Food is one of the ties that bind. Through a country or region’s foods, we make meaningful connections that we might never otherwise. Sharing a meal is a sure way to break down barriers quickly. Better yet, learning how to make a traditional dish, and working with local ingredients teaches us something important about the culture and history of a place. Through our Food for Thought series, we hope to learn more about other travelers’ journeys, and the role food plays. A new interview will be published each Friday for the duration of the series. This week we had the opportunity to chat with Chanel from CulturalXplorer. Her site touches on everything from where to stay and what to do to to photo essays and a great food section, of course. Join Chanel on her quest to find the best restaurants, food tours and street food around the world.
Chanel is the New York City-based travel blogger at CulturalXplorer.com. Through her writing, she shares stories about culture, food, and off-the-beaten path experiences from her travels. When she is not running with bulls in Spain, getting tattooed in Cambodia, or eating poisonous blowfish in Japan, she enjoys exploring her hometown, brushing up on her photography, and educating children.
Food for Thought
The underlying idea of the “Food for Thought” series is that to truly experience a culture you must taste it. Do you agree or disagree? Why?
I completely agree that a big part of any culture is the food. I am constantly writing about the different foods that I eat in the different places that I travel to because I feel that in order to fully experience any place, you must eat the food. Not only does food fill your stomach, but it can also fill your heart, connect people, and create lasting memories.
What food do you identify with “home?” Does it reflect something about your own culture or upbringing? Do you crave it while you’re away?

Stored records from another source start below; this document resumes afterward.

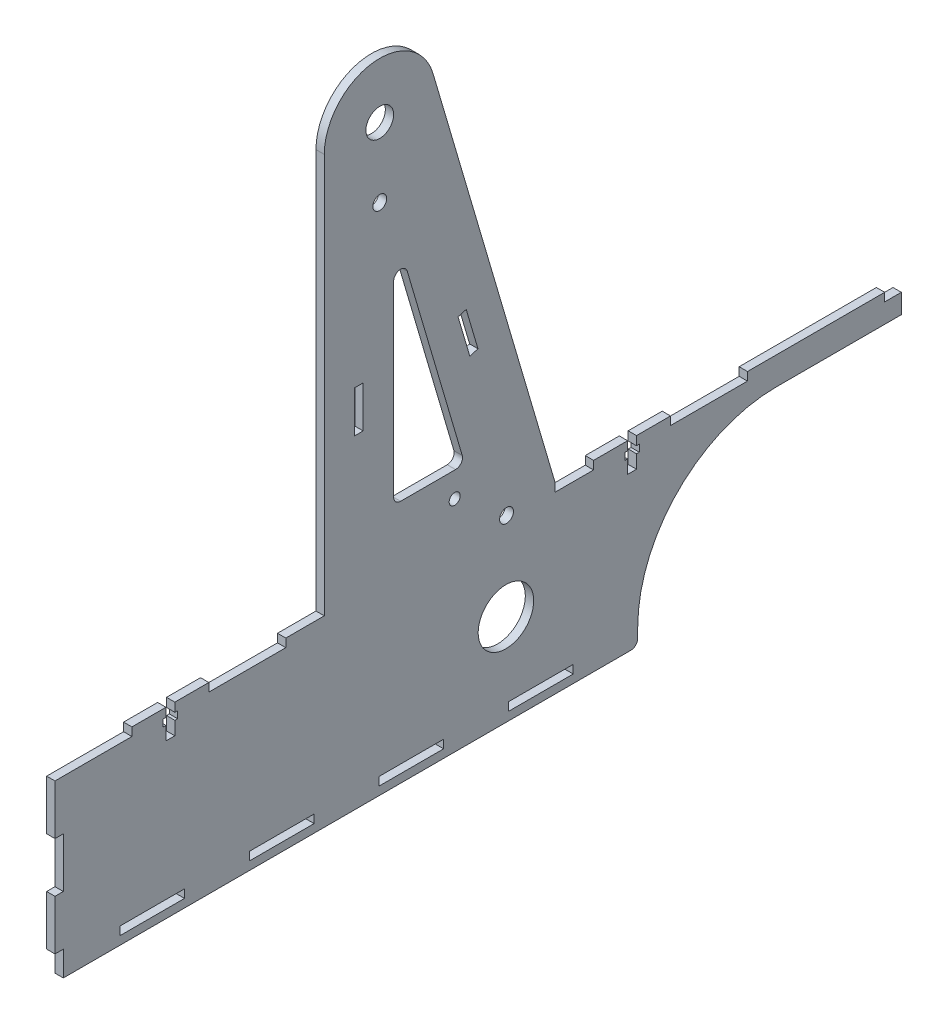
SolidWorks part; units mm, degrees
ref_plane "Front Plane" through (0, 0, 0) normal (0, 0, 1) x (1, 0, 0)
ref_plane "Top Plane" through (0, 0, 0) normal (0, 1, 0) x (1, 0, 0)
ref_plane "Right Plane" through (0, 0, 0) normal (1, 0, 0) x (0, 0, -1)
sketch "Sketch1" plane through (0, 0, 0) normal (1, 0, 0) x (0, 0, -1)
  line L0 (-152.5, 33) -> (152.5, 33)
  line L1 (152.5, 33) -> (152.5, 23)
  line L2 (-152.5, 33) -> (-152.5, -33)
  line L4 (107.5, 23) -> (152.5, 23)
  line L5 (57.5, -27) -> (57.5, -33)
  line L6 (57.5, -33) -> (-152.5, -33)
  arc A0 (57.5, -27) -> (107.5, 23) centre (107.5, -27) cw
  point P4 (-152.5, 0)
  point P7 (0, 33)
  dimension "D1" = 50
  dimension "D2" = 95
  dimension "D3" = 305
  dimension "D4" = 66
  dimension "D5" = 6
extrude "Boss-Extrude1" add sketch "Sketch1" along normal blind 3
sketch "Sketch2" plane through (3, 0, 0) normal (1, 0, 0) x (0, 0, -1)
  line L0 (-129.1567, -30) -> (-152.5, -30) construction
  line L1 (-129.1567, -30) -> (-105.8133, -30)
  line L2 (-129.1567, -30) -> (-129.1567, -27)
  line L3 (-129.1567, -27) -> (-105.8133, -27)
  line L4 (-105.8133, -30) -> (-105.8133, -27)
  line L5 (-129.1567, -30) -> (-105.8133, -27) construction
  line L6 (-129.1567, -27) -> (-105.8133, -30) construction
  line L7 (-82.47, -30) -> (-59.1266, -30)
  line L8 (-82.47, -30) -> (-82.47, -27)
  line L9 (-82.47, -27) -> (-59.1266, -27)
  line L10 (-59.1266, -30) -> (-59.1266, -27)
  line L11 (-82.47, -30) -> (-59.1266, -27) construction
  line L12 (-82.47, -27) -> (-59.1266, -30) construction
  line L13 (-35.7833, -30) -> (-12.4399, -30)
  line L14 (-35.7833, -30) -> (-35.7833, -27)
  line L15 (-35.7833, -27) -> (-12.4399, -27)
  line L16 (-12.4399, -30) -> (-12.4399, -27)
  line L17 (-35.7833, -30) -> (-12.4399, -27) construction
  line L18 (-35.7833, -27) -> (-12.4399, -30) construction
  line L19 (10.9034, -30) -> (34.2467, -30)
  line L20 (10.9034, -30) -> (10.9034, -27)
  line L21 (10.9034, -27) -> (34.2467, -27)
  line L22 (34.2467, -30) -> (34.2467, -27)
  line L23 (10.9034, -30) -> (34.2467, -27) construction
  line L24 (10.9034, -27) -> (34.2467, -30) construction
  line L25 (-152.5, 33) -> (-152.5, -33) construction
  line L26 (-105.8133, -30) -> (-82.47, -30) construction
  line L27 (-59.1266, -30) -> (-35.7833, -30) construction
  line L28 (-12.4399, -30) -> (10.9034, -30) construction
  line L29 (34.2467, -30) -> (57.5901, -30) construction
  line L30 (-152.5, -33) -> (57.5, -33) construction
  line L31 (152.5, 33) -> (-152.5, 33) construction
  line L36 (-152.5, 30) -> (-124.7727, 30)
  line L37 (-152.5, 30) -> (-152.5, 33)
  line L42 (-152.5, 33) -> (-124.7727, 33)
  line L43 (-124.7727, 30) -> (-124.7727, 33)
  line L44 (-149.5, 12) -> (-149.5, 30) construction
  line L45 (-152.5, 30) -> (-124.7727, 33) construction
  line L46 (-152.5, 33) -> (-124.7727, 30) construction
  line L47 (-149.5, -33) -> (-152.5, -33)
  line L52 (152.5, 23) -> (152.5, 33) construction
  line L53 (-97.0455, 30) -> (-69.3182, 30)
  line L54 (-97.0455, 30) -> (-97.0455, 33)
  line L55 (-97.0455, 33) -> (-69.3182, 33)
  line L56 (-69.3182, 30) -> (-69.3182, 33)
  line L57 (-97.0455, 30) -> (-69.3182, 33) construction
  line L58 (-97.0455, 33) -> (-69.3182, 30) construction
  line L59 (-41.5909, 30) -> (-13.8636, 30)
  line L60 (-41.5909, 30) -> (-41.5909, 33)
  line L61 (-41.5909, 33) -> (-13.8636, 33)
  line L62 (-13.8636, 30) -> (-13.8636, 33)
  line L63 (-41.5909, 30) -> (-13.8636, 33) construction
  line L64 (-41.5909, 33) -> (-13.8636, 30) construction
  line L65 (13.8636, 30) -> (41.5909, 30)
  line L66 (13.8636, 30) -> (13.8636, 33)
  line L67 (13.8636, 33) -> (41.5909, 33)
  line L68 (41.5909, 30) -> (41.5909, 33)
  line L69 (13.8636, 30) -> (41.5909, 33) construction
  line L70 (13.8636, 33) -> (41.5909, 30) construction
  line L71 (69.3182, 30) -> (97.0455, 30)
  line L72 (69.3182, 30) -> (69.3182, 33)
  line L73 (69.3182, 33) -> (97.0455, 33)
  line L74 (97.0455, 30) -> (97.0455, 33)
  line L75 (69.3182, 30) -> (97.0455, 33) construction
  line L76 (69.3182, 33) -> (97.0455, 30) construction
  line L77 (124.7727, 30) -> (152.5, 30)
  line L78 (124.7727, 30) -> (124.7727, 33)
  line L79 (124.7727, 33) -> (152.5, 33)
  line L80 (152.5, 30) -> (152.5, 33)
  line L81 (124.7727, 30) -> (152.5, 33) construction
  line L82 (124.7727, 33) -> (152.5, 30) construction
  line L83 (-124.7727, 30) -> (-97.0455, 30) construction
  line L84 (-69.3182, 30) -> (-41.5909, 30) construction
  line L85 (-13.8636, 30) -> (13.8636, 30) construction
  line L86 (41.5909, 30) -> (69.3182, 30) construction
  line L87 (97.0455, 30) -> (124.7727, 30) construction
  line L88 (-149.5, -33) -> (-149.5, -24)
  line L89 (-149.5, -24) -> (-152.5, -24)
  line L90 (-152.5, -33) -> (-152.5, -24)
  line L91 (-149.5, -33) -> (-152.5, -24) construction
  line L92 (-149.5, -24) -> (-152.5, -33) construction
  line L93 (-149.5, -6) -> (-152.5, -6)
  line L94 (-149.5, -6) -> (-149.5, 12)
  line L95 (-149.5, 12) -> (-152.5, 12)
  line L96 (-152.5, -6) -> (-152.5, 12)
  line L97 (-149.5, -6) -> (-152.5, 12) construction
  line L98 (-149.5, 12) -> (-152.5, -6) construction
  line L99 (-149.5, -6) -> (-149.5, -24) construction
  line L100 (146.5, 30) -> (146.5, 33)
  arc A0 (107.5, 23) -> (57.5, -27) centre (107.5, -27) ccw construction
  point P0 (-117.485, -28.5)
  point P5 (-70.7983, -28.5)
  point P10 (-24.1116, -28.5)
  point P15 (22.5751, -28.5)
  point P29 (-138.6364, 31.5)
  point P36 (-83.1818, 31.5)
  point P41 (-27.7273, 31.5)
  point P46 (27.7273, 31.5)
  point P51 (83.1818, 31.5)
  point P56 (138.6364, 31.5)
  point P61 (-151, 3)
  point P64 (-151, -28.5)
  line M15 (-152.5, 33) -> (-152.5, -33)
  line M16 (-152.5, -33) -> (57.5, -33)
  line M20 (152.5, 23) -> (152.5, 33)
  line M21 (152.5, 33) -> (-152.5, 33)
  dimension "D1" = 3
  dimension "D2" = 3
  dimension "D3" = 9
  dimension "D4" = 6
extrude "Cut-Extrude1" cut sketch "Sketch2" against normal through all both and the other way through all contours L65 L68 L66 M21 | L71 L74 L72 M21 | L36 L43 M21 M15 | L53 L56 L54 M21 | L59 L62 L60 M21 | L94 L95 L93 M15 | L88 L89 M15 M16 | L1 L4 L3 L2 | L7 L10 L9 L8 | L19 L22 L21 L20 | L100 L77 M20 M21 | L16 L15 L14 L13 region at (3, -28.5, 117.485) region at (3, -28.5, 70.7983) region at (3, -28.5, -22.5751) region at (3, 31.5, 138.6364) region at (3, 31.5, -83.1818) region at (3, 31.5, -27.7273) region at (3, 31.5, 27.7273) region at (3, 31.5, 83.1818) region at (3, -28.5, 151) region at (3, 3, 151) region at (3, 31.5, -149.5)
sketch "Sketch3" plane through (3, 0, 0) normal (1, 0, 0) x (0, 0, -1)
  line L0 (-97.0455, 33) -> (-124.7727, 33) construction
  line L1 (-112.5091, 22.5) -> (-109.3091, 22.5)
  line L2 (-112.5091, 22.5) -> (-112.5091, 33)
  line L3 (-112.5091, 33) -> (-109.3091, 33)
  line L4 (-109.3091, 22.5) -> (-109.3091, 33)
  line L5 (-112.5091, 22.5) -> (-109.3091, 33) construction
  line L6 (-112.5091, 33) -> (-109.3091, 22.5) construction
  line L7 (69.3182, 33) -> (41.5909, 33) construction
  line L8 (53.8545, 22.5) -> (57.0545, 22.5)
  line L9 (53.8545, 22.5) -> (53.8545, 33)
  line L10 (53.8545, 33) -> (57.0545, 33)
  line L11 (57.0545, 22.5) -> (57.0545, 33)
  line L12 (53.8545, 22.5) -> (57.0545, 33) construction
  line L13 (53.8545, 33) -> (57.0545, 22.5) construction
  line L14 (55.4545, 29.825) -> (55.4545, 33) construction
  line L15 (52.8545, 29.825) -> (58.0545, 29.825)
  line L16 (52.8545, 29.825) -> (52.8545, 27.325)
  line L17 (52.8545, 27.325) -> (58.0545, 27.325)
  line L18 (58.0545, 29.825) -> (58.0545, 27.325)
  line L19 (52.8545, 29.825) -> (58.0545, 27.325) construction
  line L20 (52.8545, 27.325) -> (58.0545, 29.825) construction
  line L21 (-113.5091, 29.825) -> (-108.3091, 29.825)
  line L22 (-113.5091, 29.825) -> (-113.5091, 27.325)
  line L23 (-113.5091, 27.325) -> (-108.3091, 27.325)
  line L24 (-108.3091, 29.825) -> (-108.3091, 27.325)
  line L25 (-113.5091, 29.825) -> (-108.3091, 27.325) construction
  line L26 (-113.5091, 27.325) -> (-108.3091, 29.825) construction
  line L27 (-110.9091, 29.825) -> (-110.9091, 33) construction
  point P0 (-110.9091, 27.75)
  point P7 (55.4545, 27.75)
  point P14 (55.4545, 28.575)
  point P19 (-110.9091, 28.575)
  point P24 (-110.9091, 33)
  point P25 (55.4545, 33)
  dimension "D1" = 3.2
  dimension "D2" = 10.5
  dimension "D3" = 2.5
  dimension "D4" = 5.2
  dimension "D5" = 3.175
extrude "Cut-Extrude2" cut sketch "Sketch3" against normal through all both and the other way through all contours L4 L3 L2 L1 | L23 L24 L21 L22 | L11 L10 L9 L8 | L17 L18 L15 L16
fillet "Fillet1" radius 2.5 1 edges at (1.5, -33, -57.5)
sketch "Sketch4" plane through (0, 0, 0) normal (1, 0, 0) x (0, 0, -1)
  line L0 (-55.4545, 30) -> (-55.4545, 177)
  line L2 (27.7273, 30) -> (27.7273, 33)
  line L3 (-55.4545, 30) -> (27.7273, 30)
  line L4 (-13.8636, 30) -> (-41.5909, 30) construction
  line L5 (-41.5909, 33) -> (-69.3182, 33) construction
  line L6 (27.7273, 33) -> (-16.2666, 182.6412)
  line L7 (13.8636, 33) -> (-13.8636, 33) construction
  line L8 (41.5909, 30) -> (13.8636, 30) construction
  line L9 (-149.5, -33) -> (55, -33) construction
  line L19 (-30.4545, 55) -> (-4.7987, 55)
  line L20 (-4.7987, 55) -> (-30.4545, 142.2661)
  line L21 (-30.4545, 142.2661) -> (-30.4545, 55)
  line L22 (-55.4545, 142.2661) -> (-30.4545, 142.2661) construction
  line L23 (-30.4545, 142.2661) -> (-6.4696, 149.3176) construction
  line L24 (-30.4545, 55) -> (-30.4545, 30) construction
  arc A0 (-55.4545, 177) -> (-16.2666, 182.6412) centre (-35.4545, 177) cw
  circle A1 centre (-35.4545, 177) radius 5
  point P10 (-55.4545, 33)
  point P16 (27.7273, 30)
  dimension "D2" = 10
  dimension "D3" = 15
  dimension "D1" = 210
  dimension "D4" = 25
extrude "Boss-Extrude2" add sketch "Sketch4" along normal up to surface (3 mm away) up to face at (3, -28.5, 24.1116)
fillet "Fillet2" radius 2.5 3 edges at (1.5, 55, 4.7987) (1.5, 55, 30.4545) (1.5, 142.2661, 30.4545)
ref_axis "Axis1" through (-68.2488, 177, 35.4545) along (1, 0, 0)
sketch "Sketch5" plane through (3, 0, 0) normal (1, 0, 0) x (0, 0, -1)
  line L0 (27.7273, 33) -> (27.7273, 30) construction
  line L1 (-35.4545, 152) -> (-35.4545, 177) construction
  line L2 (-3.0037, 87.8049) -> (-7.2346, 102.1958)
  line L3 (-44.4795, 83.6996) -> (-41.4295, 83.6996)
  line L4 (-44.4795, 83.6996) -> (-44.4795, 98.6996)
  line L5 (-44.4795, 98.6996) -> (-41.4295, 98.6996)
  line L6 (-41.4295, 83.6996) -> (-41.4295, 98.6996)
  line L7 (-44.4795, 83.6996) -> (-41.4295, 98.6996) construction
  line L8 (-44.4795, 98.6996) -> (-41.4295, 83.6996) construction
  line L9 (-3.0037, 87.8049) -> (-0.0775, 88.6652)
  line L10 (-7.2346, 102.1958) -> (-4.3084, 103.0561)
  line L11 (-0.0775, 88.6652) -> (-4.3084, 103.0561)
  line L12 (-3.0037, 87.8049) -> (-4.3084, 103.0561) construction
  line L13 (-7.2346, 102.1958) -> (-0.0775, 88.6652) construction
  line L14 (-55.4545, 91.1996) -> (-30.4545, 91.1996) construction
  line L15 (-55.4545, 33) -> (-55.4545, 177) construction
  line L16 (-15.6485, 91.9048) -> (8.3364, 98.9562) construction
  line L17 (-25.5561, 125.6044) -> (-5.741, 58.2051) construction
  line L18 (-16.2666, 182.6412) -> (27.7273, 33) construction
  line L19 (-30.4545, 57.5) -> (-30.4545, 124.8992) construction
  line L20 (-8.1395, 55) -> (-27.9545, 55) construction
  circle A0 centre (10.2272, 31.5) radius 2.5
  circle A1 centre (-35.4545, 152) radius 2.5
  circle A2 centre (-8.4545, 46) radius 2
  circle A3 centre (10, 0) radius 10
  point P5 (27.7273, 31.5)
  point P7 (-42.9545, 91.1996)
  point P15 (-3.656, 95.4305)
  point P30 (-42.9545, 91.1996)
  point P31 (-3.656, 95.4305)
  point P35 (-30.4545, 91.1996)
  point P36 (-15.6485, 91.9048)
  point P41 (0, 0)
  point P43 (0, 0)
  dimension "D2" = 5
  dimension "D6" = 4
  dimension "D9" = 20
  dimension "D1" = 17.5001
  dimension "D3" = 25
  dimension "D4" = 3.05
  dimension "D5" = 15
  dimension "D7" = 9
  dimension "D8" = 22
extrude "Cut-Extrude3" cut sketch "Sketch5" against normal through all both and the other way through all

When I think of the food from home, I think about some of the foods that I was raised on and the holidays and events that brought my family together. During Christmas, Thanksgiving, Easter, and family reunions, we would eat traditional Southern foods such as collard greens, candied yams, black-eyed peas, chicken, okra, red rice, cornbread, and potato salad. These foods are very traditional in the African-American community and are often referred to as ‘soul food’.
In all honesty, these days I only really have the chance to eat soul food during holidays and special events. Because I only have a chance to eat it once in a while, I do not crave it very often. When I am traveling I am generally very focused on devouring all of the different foods that the country I am in has to offer.
How has travel affected the way you think about food?
I have always loved food but travel has definitely opened up my eyes to different kinds of foods around the world. Recently I have been writing a lot of ‘Eating My Way Through…’ posts to share what I ate in a particular destination. I always try the local cuisine and share it wherever I am in the world.
Do you have a technique to try and understand local cuisine? (ie: Attending cooking classes or food tours? Hunting the best street food?)
I would not say that I have a special technique per say other than reading up on what the local cuisine is and making sure that I try it when I am visiting a country. I have recently started getting more into food tours and classes during my travels so that I can learn about the food and history of an area, although I don’t take them in every city that I visit. I have found that the tours and classes that I have taken have made me really have a deeper appreciation for the food of the particular country I am traveling to.
Tell us about a memorable meal that was so special it is forever ingrained in your memory. Where was it and what set it apart? What was served, and who shared it with you?
One of my favorite meals to this day was at a tiny restaurant named Cal Pep in Barcelona. I remember reading up on it and telling myself that I needed to go there before I left the city. Cal Pep is quite a popular place to visit in Barcelona’s culinary scene and it is only open for a couple of hours each day, so you have to make sure to time your visit right. I arrived 30 minutes before they opened and waited on line as advised by some of the information I read. I was lucky enough to grab one of the few bar-styled seats that were available upon entering while those who were a couple of people behind me had to continue to wait online until someone got up from their seat, allowing them to be seated. Even though it was way out of my travel budget (and more than I spend at home for a meal), it was something I could never forget. I did not get to choose what I was served; I was only able to tell the chefs that I wanted fish. Not only was the food amazing, but I also made friends at the bar, chatted with the lively owner, and had an overall good time.
What food have you tried in your travels that some might find shocking or surprising? Would you eat it again?
I have eaten a couple of different ‘unusual’ things during my travels such as poisonous blowfish (Japan), ostrich meat (Taiwan), cow stomach (Italy), and chicken butt (Taiwan). I suppose eating the chicken butt from a street food cart in Taiwan might be the most surprising to people, but it actually was not that bad, a little chewy, but it tasted just like chicken!
And just for fun, if you had to choose one country’s cuisine to eat for the rest of your life what would it be?
That is a difficult question to answer, as I love so many different kinds of cuisines. If I only had the option of choosing one country’s cuisine for the rest of my life, I would go with Korean. Living in Korea for two years made me fall in love with the food, my favorite dish being Dakgalbi (닭갈비). It took a little getting used to the spiciness of Korean food, however now I am addicted, and I even add spices to make other foods that I eat more spicy.